On Monday, Nickelodeon abruptly froze part of the production of its upcoming series Glitch Techs, leading to the immediate layoff of a large percentage of the show’s production crew at Nickelodeon Animation Studios in Burbank, California.

A co-creator of the upcoming series, Dan Milano (Greg the Bunny, Warren the Ape), described the production halt as a “shock” on Twitter, and when artists on the series began speaking on social media about having been laid off with no warning, it led to speculation that the series had been cancelled by the network.

However, that is not the case. The show’s other creator, Eric Robles (Fanboy & Chum Chum), went on social media to clarify that the series is still going forward at Nickelodeon.

According to an Instagram message that Robles posted on Wednesday, Nick still intends to launch a full first season consisting of 20 episodes. “As I write this, we are in production, getting amazing animation back from Europe and Asia,” Robles said. “Let me also speak from the heart when I say that Nickelodeon Animation has been nothing but supportive in ensuring Dan and myself the freedom to create an original and unique IP in a time where these types of projects are few and far between.”

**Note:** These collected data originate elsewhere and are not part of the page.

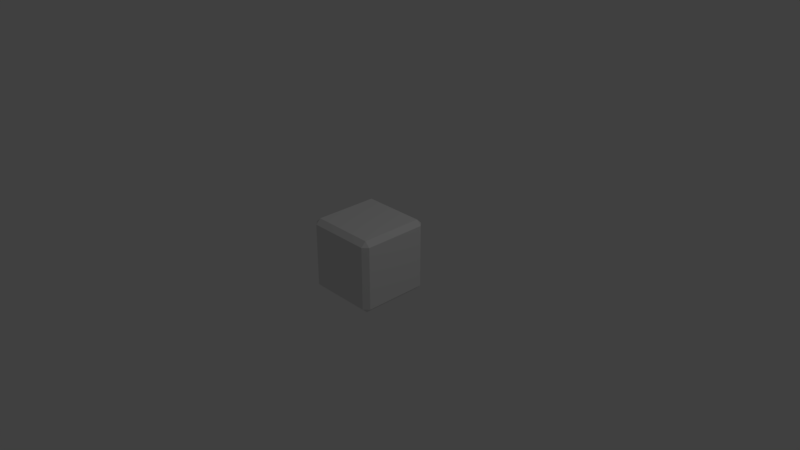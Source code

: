 # Source: cubie.blend  (saved by Blender 2.79.6; exported with 4.5.12 LTS)
import bpy
from mathutils import Matrix  # noqa: F401  (used for matrix-valued properties, if any)

bpy.ops.wm.read_factory_settings(use_empty=True)
scene = bpy.context.scene
scene.name = 'Scene'

# ---- collections
col_collection_1 = bpy.data.collections.new('Collection 1'); scene.collection.children.link(col_collection_1)

# ---- materials (node trees are filled in below, after node groups)
mat_material = bpy.data.materials.new('Material')
mat_material.alpha_threshold = 0.0
mat_material.use_transparent_shadow = False
mat_material.roughness = 0.5
mat_material.line_color = (0.0, 0.0, 0.0, 1.0)

# ---- material node trees

# ---- world
world_world = bpy.data.worlds.new('World'); scene.world = world_world
world_world.color = (0.05088, 0.05088, 0.05088)
world_world.use_sun_shadow = False
world_world.sun_shadow_jitter_overblur = 0.0

# ---- cameras
cam_camera = bpy.data.cameras.new('Camera')
cam_camera.clip_end = 100.0
cam_camera.lens = 35.0
cam_camera.sensor_width = 32.0
cam_camera.sensor_height = 18.0
cam_camera.ortho_scale = 7.314
cam_camera.dof.focus_distance = 0.0
cam_camera.dof.aperture_fstop = 128.0

# ---- lights
light_lamp = bpy.data.lights.new('Lamp', 'POINT')
light_lamp.transmission_factor = 0.0
light_lamp.cutoff_distance = 30.0
light_lamp.energy = 100.0
light_lamp.shadow_buffer_clip_start = 1.001
light_lamp.shadow_soft_size = 0.1
light_lamp.shadow_maximum_resolution = 0.006
light_lamp.use_absolute_resolution = True

# ---- meshes
me_cube = bpy.data.meshes.new('Cube')
me_cube.from_pydata([(1.0, 0.8662, -0.8662), (0.8662, 0.8662, -1.0), (0.8662, 1.0, -0.8662), (1.0, -0.8662, -0.8662), (0.8662, -1.0, -0.8662), (0.8662, -0.8662, -1.0), (-0.8662, -1.0, -0.8662), (-1.0, -0.8662, -0.8662), (-0.8662, -0.8662, -1.0), (-0.8662, 1.0, -0.8662), (-0.8662, 0.8662, -1.0), (-1.0, 0.8662, -0.8662), (0.8662, 1.0, 0.8662), (0.8662, 0.8662, 1.0), (1.0, 0.8662, 0.8662), (0.8662, -1.0, 0.8662), (1.0, -0.8662, 0.8662), (0.8662, -0.8662, 1.0), (-1.0, -0.8662, 0.8662), (-0.8662, -1.0, 0.8662), (-0.8662, -0.8662, 1.0), (-1.0, 0.8662, 0.8662), (-0.8662, 0.8662, 1.0), (-0.8662, 1.0, 0.8662)], [], [(2, 23, 12), (1, 8, 10), (7, 21, 11), (22, 17, 13), (15, 6, 4), (0, 1, 2), (3, 4, 5), (6, 7, 8), (9, 10, 11), (12, 13, 14), (15, 16, 17), (18, 19, 20), (21, 22, 23), (0, 5, 1), (1, 9, 2), (12, 0, 2), (4, 8, 5), (16, 4, 3), (11, 8, 7), (19, 7, 6), (11, 23, 9), (13, 16, 14), (12, 22, 13), (17, 19, 15), (22, 18, 20), (14, 3, 0), (2, 9, 23), (1, 5, 8), (7, 18, 21), (22, 20, 17), (15, 19, 6), (0, 3, 5), (1, 10, 9), (12, 14, 0), (4, 6, 8), (16, 15, 4), (11, 10, 8), (19, 18, 7), (11, 21, 23), (13, 17, 16), (12, 23, 22), (17, 20, 19), (22, 21, 18), (14, 16, 3)])
me_cube.materials.append(mat_material)
me_cube.use_remesh_preserve_volume = False
me_cube.use_remesh_preserve_attributes = False
me_cube.use_mirror_vertex_groups = False
me_cube.update()

# ---- objects
ob_cube = bpy.data.objects.new('Cube', me_cube)
ob_lamp = bpy.data.objects.new('Lamp', light_lamp)
ob_camera = bpy.data.objects.new('Camera', cam_camera)

# ---- transforms, parenting, visibility, modifiers, constraints
ob_cube.location = (0.0, 0.0, 0.0)
ob_cube.scale = (0.499, 0.499, 0.499)
ob_cube.lock_rotations_4d = False
ob_cube.empty_display_type = 'ARROWS'
ob_cube.lineart.crease_threshold = 0.0
ob_lamp.location = (4.076, 1.005, 5.904)
ob_lamp.rotation_euler = (0.6503, 0.05522, 1.866)
ob_lamp.lock_rotations_4d = False
ob_lamp.empty_display_type = 'ARROWS'
ob_lamp.color = (0.0, 0.0, 0.0, 0.0)
ob_lamp.lineart.crease_threshold = 0.0
ob_camera.location = (7.481, -6.508, 5.344)
ob_camera.rotation_euler = (1.109, 0.0, 0.8149)
ob_camera.lock_rotations_4d = False
ob_camera.empty_display_type = 'ARROWS'
ob_camera.color = (0.0, 0.0, 0.0, 0.0)
ob_camera.display_type = 'WIRE'
ob_camera.lineart.crease_threshold = 0.0

# ---- collection membership
col_collection_1.objects.link(ob_cube)
col_collection_1.objects.link(ob_lamp)
col_collection_1.objects.link(ob_camera)

# ---- scene / render settings (as saved in the file)
scene.camera = ob_camera
scene.frame_start = 1; scene.frame_end = 250; scene.frame_set(0)
scene.render.engine = 'BLENDER_EEVEE_NEXT'
scene.render.resolution_percentage = 50
scene.render.dither_intensity = 0.0
scene.cycles.use_denoising = False
scene.cycles.samples = 128
scene.cycles.sampling_pattern = 'TABULATED_SOBOL'
scene.cycles.use_adaptive_sampling = False
scene.cycles.use_light_tree = False
scene.view_settings.view_transform = 'Standard'
bpy.context.view_layer.update()
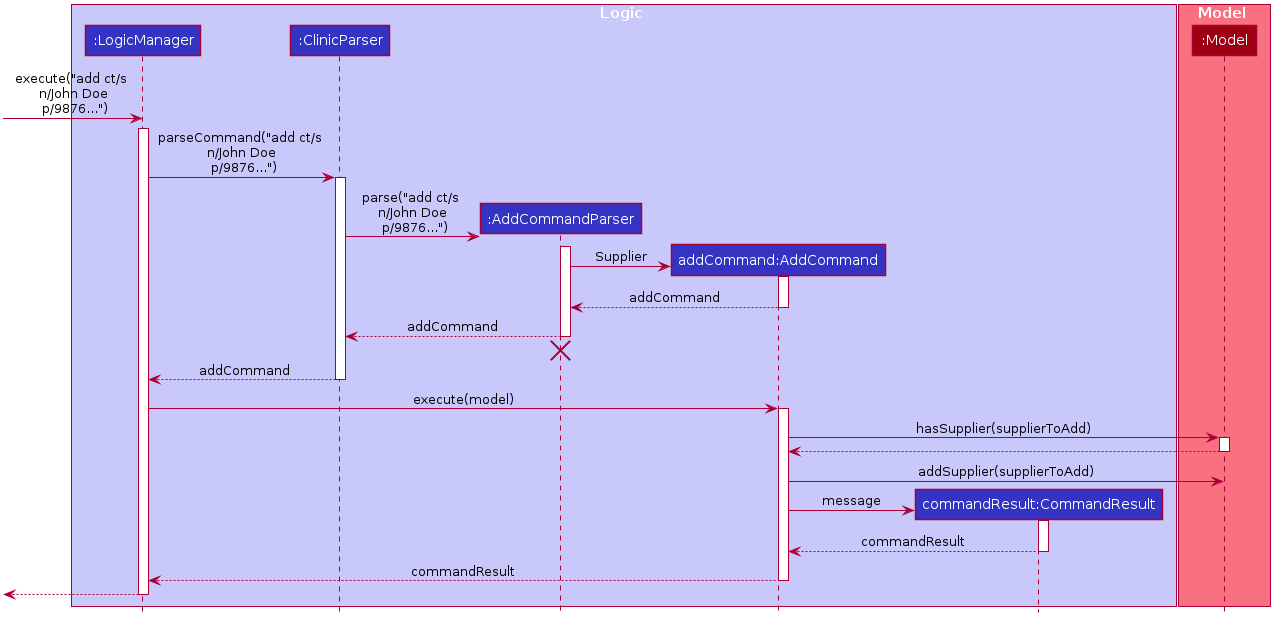

The diagram above was rendered by PlantUML. Its source (embedded in the PNG):
@startuml








skinparam BackgroundColor #FFFFFFF

skinparam Shadowing false

skinparam Class {
    FontColor #FFFFFF
    BorderThickness 1
    BorderColor #FFFFFF
    StereotypeFontColor #FFFFFF
    FontName Arial
}

skinparam Actor {
    BorderColor #000000
    Color #000000
    FontName Arial
}

skinparam Sequence {
    MessageAlign center
    BoxFontSize 15
    BoxPadding 0
    BoxFontColor #FFFFFF
    FontName Arial
}

skinparam Participant {
    FontColor #FFFFFFF
    Padding 20
}

skinparam MinClassWidth 50
skinparam ParticipantPadding 10
skinparam Shadowing false
skinparam DefaultTextAlignment center
skinparam packageStyle Rectangle

hide footbox
hide members
hide circle

box Logic #C8C8FA
participant ":LogicManager" as LogicManager #3333C4
participant ":ClinicParser" as ClinicParser #3333C4
participant ":AddCommandParser" as AddCommandParser #3333C4
participant "addCommand:AddCommand" as AddCommand #3333C4
participant "commandResult:CommandResult" as CommandResult #3333C4
end box

box Model #F97181
participant ":Model" as Model #9D0012
end box

create LogicManager
[-> LogicManager : execute("add ct/s \n n/John Doe \n p/9876...")
activate LogicManager

LogicManager -> ClinicParser : parseCommand("add ct/s \n n/John Doe \n p/9876...")
activate ClinicParser

create AddCommandParser

ClinicParser -> AddCommandParser ++ : parse("add ct/s \n n/John Doe \n p/9876...")
activate AddCommandParser

create AddCommand

AddCommandParser -> AddCommand ++ : Supplier
activate AddCommand

AddCommand --> AddCommandParser -- : addCommand
deactivate AddCommand
AddCommandParser --> ClinicParser -- : addCommand

deactivate AddCommandParser
AddCommandParser -[hidden]-> ClinicParser
destroy AddCommandParser
ClinicParser --> LogicManager -- : addCommand

LogicManager -> AddCommand ++ : execute(model)

activate AddCommand

AddCommand -> Model ++ : hasSupplier(supplierToAdd)

Model --> AddCommand -- :

AddCommand -> Model : addSupplier(supplierToAdd)


create CommandResult

AddCommand -> CommandResult ++ : message
activate CommandResult

CommandResult --> AddCommand -- : commandResult

deactivate CommandResult

AddCommand --> LogicManager -- : commandResult

deactivate AddCommand

[<--LogicManager
deactivate LogicManager
@enduml
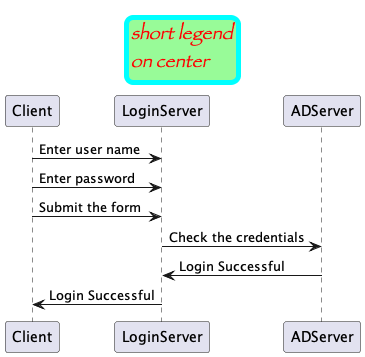

The diagram above was rendered by PlantUML. Its source (embedded in the PNG):
@startuml

skinparam LegendBackgroundColor palegreen
skinparam LegendBorderColor aqua
skinparam LegendBorderThickness 5
skinparam LegendFontColor red
skinparam LegendFontName Papyrus
skinparam LegendFontSize 18
skinparam LegendFontStyle italic

legend top center
	short legend
	on center
end legend

Client -> LoginServer: Enter user name
Client -> LoginServer: Enter password
Client -> LoginServer: Submit the form 
LoginServer -> ADServer: Check the credentials
ADServer -> LoginServer: Login Successful
LoginServer -> Client: Login Successful

@enduml
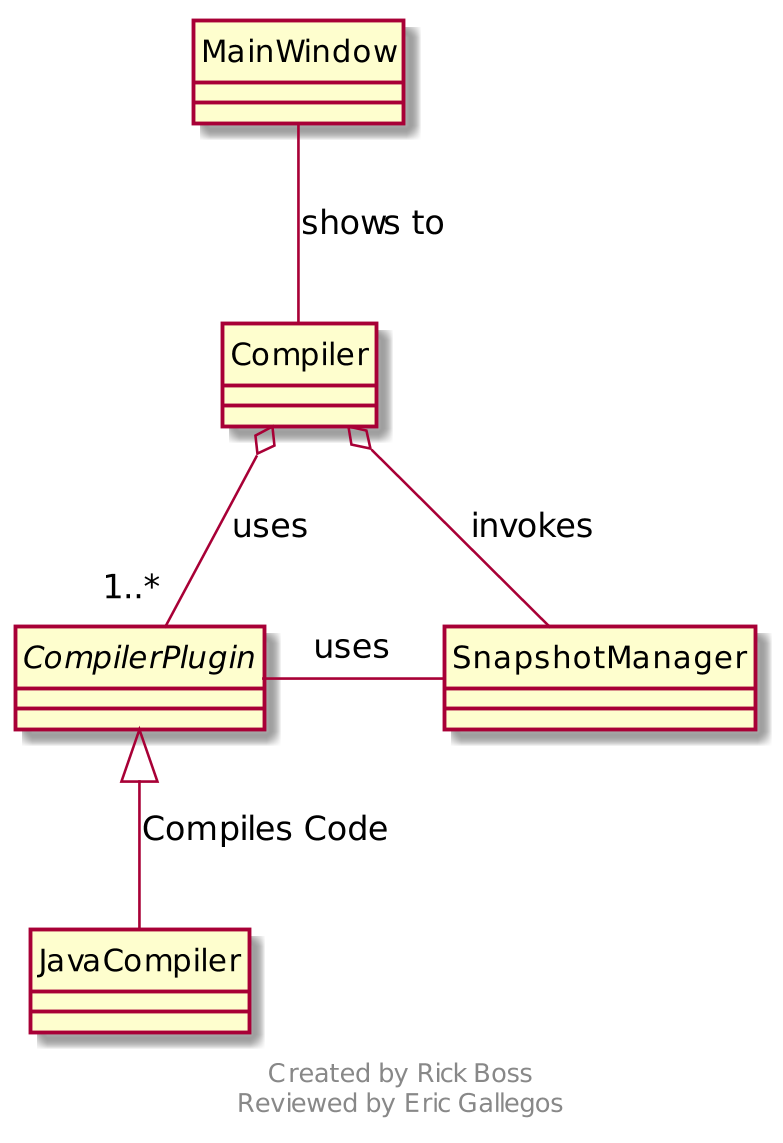

The diagram above was rendered by PlantUML. Its source (embedded in the PNG):
@startuml

scale 800 width
hide circles

footer
Created by Rick Boss
Reviewed by Eric Gallegos
endfooter

class MainWindow
interface CompilerPlugin 
class JavaCompiler
class Compiler      
class SnapshotManager 

MainWindow -d- Compiler : shows to
JavaCompiler -u-|> CompilerPlugin : Compiles Code
Compiler o--"1..*" CompilerPlugin : uses
Compiler o-- SnapshotManager : invokes
SnapshotManager -l- CompilerPlugin : uses
@enduml
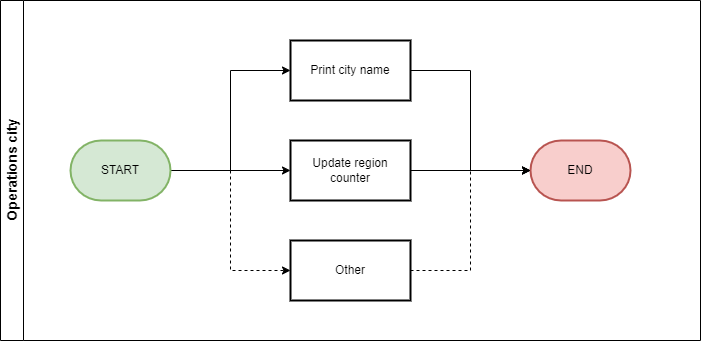

The diagram above was exported from draw.io. Its source (the exported page's mxGraphModel, read from the mxfile embedded in the PNG):
<mxGraphModel dx="963" dy="641" grid="1" gridSize="10" guides="1" tooltips="1" connect="1" arrows="1" fold="1" page="1" pageScale="1" pageWidth="827" pageHeight="1169" math="0" shadow="0">
  <root>
    <mxCell id="0" />
    <mxCell id="1" parent="0" />
    <mxCell id="4DV7kx9GcEwfx9gUkUHD-1" value="Operations city" style="swimlane;horizontal=0;whiteSpace=wrap;html=1;spacing=2;fontSize=14;" vertex="1" parent="1">
      <mxGeometry x="80" y="110" width="700" height="340" as="geometry" />
    </mxCell>
    <mxCell id="rI621J_z8KMOKiR__9mq-3" style="edgeStyle=orthogonalEdgeStyle;rounded=0;orthogonalLoop=1;jettySize=auto;html=1;entryX=0;entryY=0.5;entryDx=0;entryDy=0;" edge="1" parent="4DV7kx9GcEwfx9gUkUHD-1" source="4DV7kx9GcEwfx9gUkUHD-2" target="-6FI9niwqOo9hswEawnT-1">
      <mxGeometry relative="1" as="geometry" />
    </mxCell>
    <mxCell id="rI621J_z8KMOKiR__9mq-4" style="edgeStyle=orthogonalEdgeStyle;rounded=0;orthogonalLoop=1;jettySize=auto;html=1;entryX=0;entryY=0.5;entryDx=0;entryDy=0;" edge="1" parent="4DV7kx9GcEwfx9gUkUHD-1" source="4DV7kx9GcEwfx9gUkUHD-2" target="rI621J_z8KMOKiR__9mq-1">
      <mxGeometry relative="1" as="geometry" />
    </mxCell>
    <mxCell id="rI621J_z8KMOKiR__9mq-5" style="edgeStyle=orthogonalEdgeStyle;rounded=0;orthogonalLoop=1;jettySize=auto;html=1;entryX=0;entryY=0.5;entryDx=0;entryDy=0;dashed=1;" edge="1" parent="4DV7kx9GcEwfx9gUkUHD-1" source="4DV7kx9GcEwfx9gUkUHD-2" target="rI621J_z8KMOKiR__9mq-2">
      <mxGeometry relative="1" as="geometry" />
    </mxCell>
    <mxCell id="4DV7kx9GcEwfx9gUkUHD-2" value="START" style="strokeWidth=2;html=1;shape=mxgraph.flowchart.terminator;whiteSpace=wrap;fillColor=#d5e8d4;strokeColor=#82b366;" vertex="1" parent="4DV7kx9GcEwfx9gUkUHD-1">
      <mxGeometry x="70" y="140" width="100" height="60" as="geometry" />
    </mxCell>
    <mxCell id="4DV7kx9GcEwfx9gUkUHD-5" value="END" style="strokeWidth=2;html=1;shape=mxgraph.flowchart.terminator;whiteSpace=wrap;fillColor=#f8cecc;strokeColor=#b85450;" vertex="1" parent="4DV7kx9GcEwfx9gUkUHD-1">
      <mxGeometry x="530" y="140" width="100" height="60" as="geometry" />
    </mxCell>
    <mxCell id="-6FI9niwqOo9hswEawnT-1" value="Print city name" style="rounded=0;whiteSpace=wrap;html=1;strokeWidth=2;" vertex="1" parent="4DV7kx9GcEwfx9gUkUHD-1">
      <mxGeometry x="290" y="40" width="120" height="60" as="geometry" />
    </mxCell>
    <mxCell id="rI621J_z8KMOKiR__9mq-1" value="Update region counter" style="rounded=0;whiteSpace=wrap;html=1;strokeWidth=2;" vertex="1" parent="4DV7kx9GcEwfx9gUkUHD-1">
      <mxGeometry x="290" y="140" width="120" height="60" as="geometry" />
    </mxCell>
    <mxCell id="rI621J_z8KMOKiR__9mq-2" value="Other" style="rounded=0;whiteSpace=wrap;html=1;strokeWidth=2;" vertex="1" parent="4DV7kx9GcEwfx9gUkUHD-1">
      <mxGeometry x="290" y="240" width="120" height="60" as="geometry" />
    </mxCell>
    <mxCell id="rI621J_z8KMOKiR__9mq-6" style="edgeStyle=orthogonalEdgeStyle;rounded=0;orthogonalLoop=1;jettySize=auto;html=1;entryX=0;entryY=0.5;entryDx=0;entryDy=0;entryPerimeter=0;" edge="1" parent="4DV7kx9GcEwfx9gUkUHD-1" source="-6FI9niwqOo9hswEawnT-1" target="4DV7kx9GcEwfx9gUkUHD-5">
      <mxGeometry relative="1" as="geometry" />
    </mxCell>
    <mxCell id="rI621J_z8KMOKiR__9mq-9" style="edgeStyle=orthogonalEdgeStyle;rounded=0;orthogonalLoop=1;jettySize=auto;html=1;entryX=0;entryY=0.5;entryDx=0;entryDy=0;entryPerimeter=0;dashed=1;" edge="1" parent="4DV7kx9GcEwfx9gUkUHD-1" source="rI621J_z8KMOKiR__9mq-2" target="4DV7kx9GcEwfx9gUkUHD-5">
      <mxGeometry relative="1" as="geometry" />
    </mxCell>
    <mxCell id="rI621J_z8KMOKiR__9mq-11" style="edgeStyle=orthogonalEdgeStyle;rounded=0;orthogonalLoop=1;jettySize=auto;html=1;entryX=0;entryY=0.5;entryDx=0;entryDy=0;entryPerimeter=0;" edge="1" parent="4DV7kx9GcEwfx9gUkUHD-1" source="rI621J_z8KMOKiR__9mq-1" target="4DV7kx9GcEwfx9gUkUHD-5">
      <mxGeometry relative="1" as="geometry" />
    </mxCell>
  </root>
</mxGraphModel>

The production freeze happened on a second half-season order of the show, Robles explained, but that will not have an effect on the completion of the first season, which is ongoing. “As most of you know, until a show actually airs most studios will only grant a writing pick up for your series and only IF they feel good about the show’s chances. So in our case, we were deeply grateful when Nickelodeon saw fit to pick up an extra half-season production order. This kept our amazing team of artists and designers together longer than we ever could have expected.”

The laid off artists continue to remain enthusiastic about the future of the show, which follows two kids recruited to battle video game monsters that have found their way into the real world. One production artist on the series who spoke with Cartoon Brew said, “At this point all I can ask for is that we garner as much positive support for the show as possible. I don’t have anything negative to say about Nick — they, along with Eric and Dan, have been as transparent thus far as they are able to be, and have gone to great lengths to care for the Techs team.”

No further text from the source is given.